Changes in orientation

The advantage of using these axes to specify orientation changes is firstly that there is no longer a privileged role for any side of the hand, and secondly that this movement can be interpreted without reference to absolute directions in space. For example, in the case of TWENTY, not only the palm orientation changes, but also the orientation of the dorsum and the radial and ulnar sides of the two selected fingers. Furthermore, the rotation will be the same no matter whether the relative orientation

(in TWENTY [root] facing a [horizontal plane] in neutral space) is faithfully realized or not. As I argued in §3.4.2, there is no fundamental difference between the dynamic terms on the one hand and changes in static terms on the other. Dynamic terms such as ‘clockwise’ and ‘counterclockwise’ might be decomposed into sequences of values.
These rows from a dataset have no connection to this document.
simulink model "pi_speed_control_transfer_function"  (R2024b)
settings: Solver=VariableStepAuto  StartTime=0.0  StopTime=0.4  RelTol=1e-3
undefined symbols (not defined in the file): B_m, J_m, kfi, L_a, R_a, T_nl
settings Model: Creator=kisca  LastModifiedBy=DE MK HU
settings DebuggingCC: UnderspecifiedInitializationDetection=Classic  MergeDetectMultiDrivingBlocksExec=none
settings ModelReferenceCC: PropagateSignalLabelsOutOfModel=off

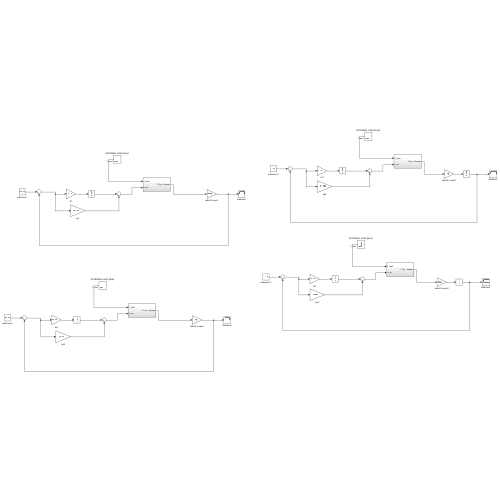
[thumbnail: Simulink's stored preview of the top-level diagram]
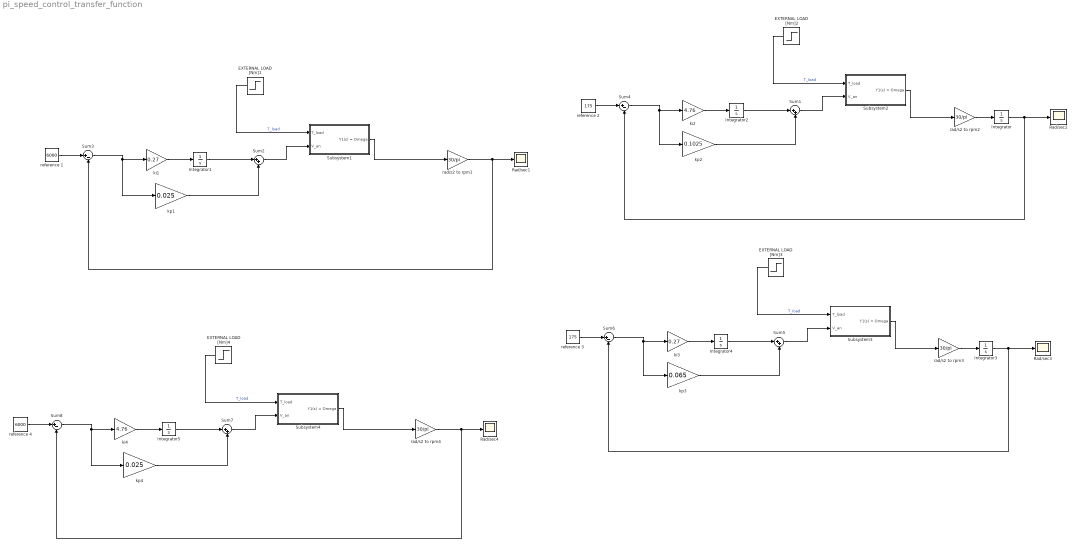
== system pi_speed_control_transfer_function ==
  EXTERNAL LOAD [Nm]{1..4} (4 alike) : Step  Time=0.25  After=T_nl  SampleTime=0
  Integrator{,1..5} (6 alike) : Integrator
  Rad/sec{1..4} (4 alike) : Scope
  Subsystem1 : Subsystem
  Subsystem2 : Subsystem
  Subsystem3 : Subsystem
  Subsystem4 : Subsystem
  Sum{1..2,5,7} (4 alike) : Sum  Inputs=|++
  Sum{3..4,6,8} (4 alike) : Sum  Inputs=|+-
  ki1 : Gain  Gain=0.27
  ki2 : Gain  Gain=4.76
  ki3 : Gain  Gain=0.27
  ki4 : Gain  Gain=4.76
  kp1 : Gain  Gain=0.025
  kp2 : Gain  Gain=0.1025
  kp3 : Gain  Gain=0.065
  kp4 : Gain  Gain=0.025
  rad/s2 to rpm{1..4} (4 alike) : Gain  Gain=30/pi
  reference 1 : Constant  Value=6000
  reference 2 : Constant  Value=175
  reference 3 : Constant  Value=175
  reference 4 : Constant  Value=6000
  wires:
  reference 1/1 -> Sum3/1
  ki1/1 -> Integrator1/1
  Sum2/1 -> Subsystem1/2(V_an)
  Integrator1/1 -> Sum2/1
  kp1/1 -> Sum2/2
  rad/s2 to rpm1/1 -> Sum3/2, Rad/sec1/1
  Sum3/1 -> kp1/1, ki1/1
  EXTERNAL LOAD [Nm]1/1 -> Subsystem1/1(T_load)  "T_load"
  Subsystem1/1(Y1(s) = Omega) -> rad/s2 to rpm1/1
  Integrator2/1 -> Sum1/1
  reference 2/1 -> Sum4/1
  Sum1/1 -> Subsystem2/2(V_an)
  ki2/1 -> Integrator2/1
  EXTERNAL LOAD [Nm]2/1 -> Subsystem2/1(T_load)  "T_load"
  Subsystem2/1(Y1(s) = Omega) -> rad/s2 to rpm2/1
  Sum4/1 -> kp2/1, ki2/1
  kp2/1 -> Sum1/2
  rad/s2 to rpm2/1 -> Integrator/1
  Integrator/1 -> Rad/sec2/1, Sum4/2
  rad/s2 to rpm3/1 -> Integrator3/1
  Sum6/1 -> kp3/1, ki3/1
  Integrator3/1 -> Rad/sec3/1, Sum6/2
  reference 3/1 -> Sum6/1
  Integrator4/1 -> Sum5/1
  Subsystem3/1(Y1(s) = Omega) -> rad/s2 to rpm3/1
  ki3/1 -> Integrator4/1
  kp3/1 -> Sum5/2
  Sum5/1 -> Subsystem3/2(V_an)
  EXTERNAL LOAD [Nm]3/1 -> Subsystem3/1(T_load)  "T_load"
  Integrator5/1 -> Sum7/1
  reference 4/1 -> Sum8/1
  Sum7/1 -> Subsystem4/2(V_an)
  ki4/1 -> Integrator5/1
  EXTERNAL LOAD [Nm]4/1 -> Subsystem4/1(T_load)  "T_load"
  Subsystem4/1(Y1(s) = Omega) -> rad/s2 to rpm4/1
  Sum8/1 -> kp4/1, ki4/1
  kp4/1 -> Sum7/2
  rad/s2 to rpm4/1 -> Sum8/2, Rad/sec4/1

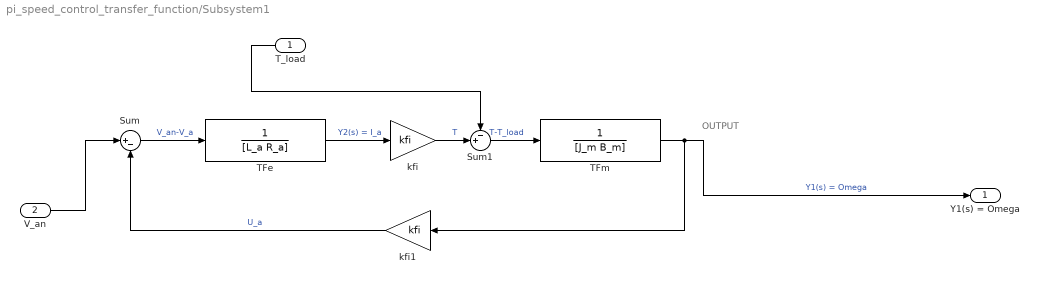
== system pi_speed_control_transfer_function/Subsystem1 ==
  note: OUTPUT
  T_load : Inport
  V_an : Inport  Port=2
  Sum : Sum  Inputs=|+-
  Sum1 : Sum  Inputs=-+|
  TFe : TransferFcn  Denominator=[L_a R_a]
  TFm : TransferFcn  Denominator=[J_m B_m]
  kfi : Gain  Gain=kfi
  kfi1 : Gain  Gain=kfi
  Y1(s) = Omega : Outport
  wires:
  T_load/1 -> Sum1/1
  V_an/1 -> Sum/1
  kfi1/1 -> Sum/2  "U_a"
  TFe/1 -> kfi/1  "Y2(s) = I_a"
  TFm/1 -> Y1(s) = Omega/1, kfi1/1  "Y1(s) = Omega"
  kfi/1 -> Sum1/2  "T"
  Sum/1 -> TFe/1  "V_an-V_a"
  Sum1/1 -> TFm/1  "T-T_load"

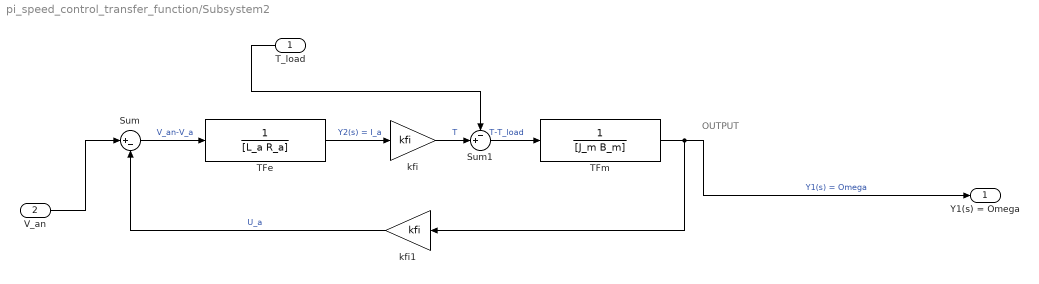
== system pi_speed_control_transfer_function/Subsystem2 ==
  note: OUTPUT
  T_load : Inport
  V_an : Inport  Port=2
  Sum : Sum  Inputs=|+-
  Sum1 : Sum  Inputs=-+|
  TFe : TransferFcn  Denominator=[L_a R_a]
  TFm : TransferFcn  Denominator=[J_m B_m]
  kfi : Gain  Gain=kfi
  kfi1 : Gain  Gain=kfi
  Y1(s) = Omega : Outport
  wires:
  T_load/1 -> Sum1/1
  V_an/1 -> Sum/1
  kfi1/1 -> Sum/2  "U_a"
  TFe/1 -> kfi/1  "Y2(s) = I_a"
  TFm/1 -> Y1(s) = Omega/1, kfi1/1  "Y1(s) = Omega"
  kfi/1 -> Sum1/2  "T"
  Sum/1 -> TFe/1  "V_an-V_a"
  Sum1/1 -> TFm/1  "T-T_load"

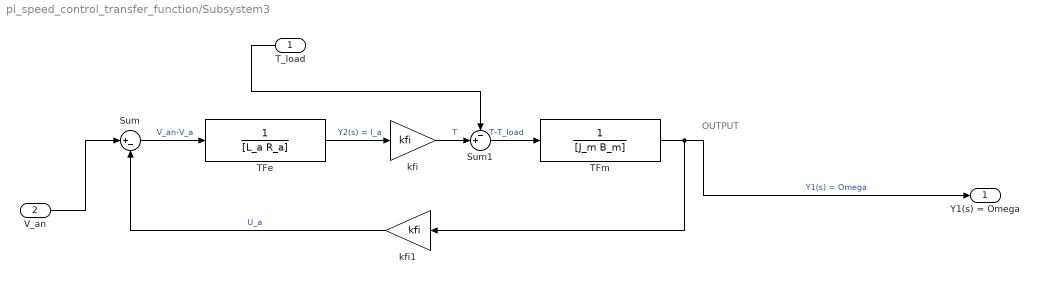
== system pi_speed_control_transfer_function/Subsystem3 ==
  note: OUTPUT
  T_load : Inport
  V_an : Inport  Port=2
  Sum : Sum  Inputs=|+-
  Sum1 : Sum  Inputs=-+|
  TFe : TransferFcn  Denominator=[L_a R_a]
  TFm : TransferFcn  Denominator=[J_m B_m]
  kfi : Gain  Gain=kfi
  kfi1 : Gain  Gain=kfi
  Y1(s) = Omega : Outport
  wires:
  T_load/1 -> Sum1/1
  V_an/1 -> Sum/1
  kfi1/1 -> Sum/2  "U_a"
  TFe/1 -> kfi/1  "Y2(s) = I_a"
  TFm/1 -> Y1(s) = Omega/1, kfi1/1  "Y1(s) = Omega"
  kfi/1 -> Sum1/2  "T"
  Sum/1 -> TFe/1  "V_an-V_a"
  Sum1/1 -> TFm/1  "T-T_load"

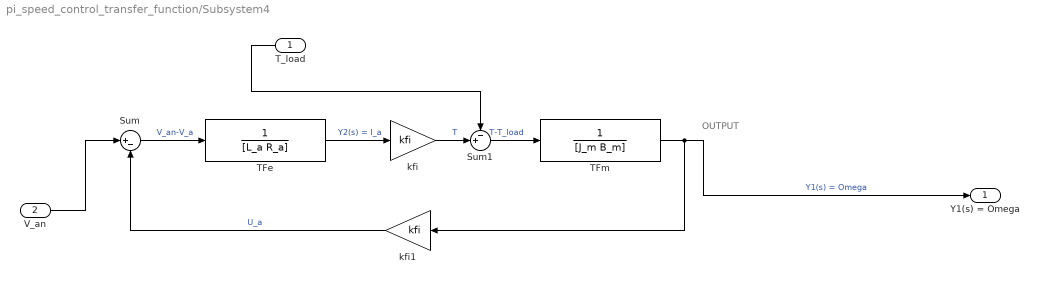
== system pi_speed_control_transfer_function/Subsystem4 ==
  note: OUTPUT
  T_load : Inport
  V_an : Inport  Port=2
  Sum : Sum  Inputs=|+-
  Sum1 : Sum  Inputs=-+|
  TFe : TransferFcn  Denominator=[L_a R_a]
  TFm : TransferFcn  Denominator=[J_m B_m]
  kfi : Gain  Gain=kfi
  kfi1 : Gain  Gain=kfi
  Y1(s) = Omega : Outport
  wires:
  T_load/1 -> Sum1/1
  V_an/1 -> Sum/1
  kfi1/1 -> Sum/2  "U_a"
  TFe/1 -> kfi/1  "Y2(s) = I_a"
  TFm/1 -> Y1(s) = Omega/1, kfi1/1  "Y1(s) = Omega"
  kfi/1 -> Sum1/2  "T"
  Sum/1 -> TFe/1  "V_an-V_a"
  Sum1/1 -> TFm/1  "T-T_load"

Given the limited range of lateral motion (adduction/abduction) of the wrist and the MCP joints (about 50 degrees for the wrist, cf. Luttgens, Deutsch & Hamilton 1992), it is not surprising that palm-dorsum rotation is so infrequent. In cases where the wrist and MCP joints are extended, this is the articulatory action that results in the perception of rotation around the palm-dorsum axis. Similarly, given the large range of motion of the forearm (about 160 degrees, cf. Luttgens et al. 1992), it is not surprising that the perceptual result typically associated with it when wrist and MCP joints are extended is so frequent (viz. rotation around the longitudinal axis). However, the gesture [forearm rotation] can also be used to articulate rotation about the palm-dorsum axis, if the extended fingers are at about a 90 degree angle to the forearm. This angle can be articulated by either wrist or MCP flexion, or both. For example, the sign MORNING, which is typically articulated by outward shoulder rotation (Figure 3.30) can also be articulated by supination of the forearm (Figure 3.31), depending on the state of the wrist and MCP joints.84

Figure 3.30

MORNING, (primarily) articulated by outward shoulder rotation

84 _{In both signs, these articulations are typically accompanied by smaller movements of the other joints,} which ensure that the orientation of the other degree of freedom remains relatively constant and that the movement is in the frontal plane. These additional joint movements play less of a role than in the example of POLITICS above (Figure 3.25), yet the effect is the same: different joints cooperate to attain perceptually similar effects.

Figure 3.31

MORNING, (primarily) articulated by forearm supination

In most changes in orientation in SLN, there is a change in orientation around only one axis. Changes in orientation around two axes are very rare, if they exist at all. A possible example is the sign QUICK (Figure 3.32).

Figure 3.32

QUICK, a change in orientation by rotation of the selected index finger about two axes

The sign QUICK contrasts with THOUSAND (Figure 3.33), in which there is only rotation about the palm-dorsum axis.

Figure 3.33

THOUSAND

It remains a question for future research whether there are more signs such as QUICK with a complex orientation change, and whether there is a more simple specification for this sign than a double orientation change. For now, I propose the specification for this sign includes a combination of [longitudinal axis: clockwise] and [palm- dorsum axis: counterclockwise].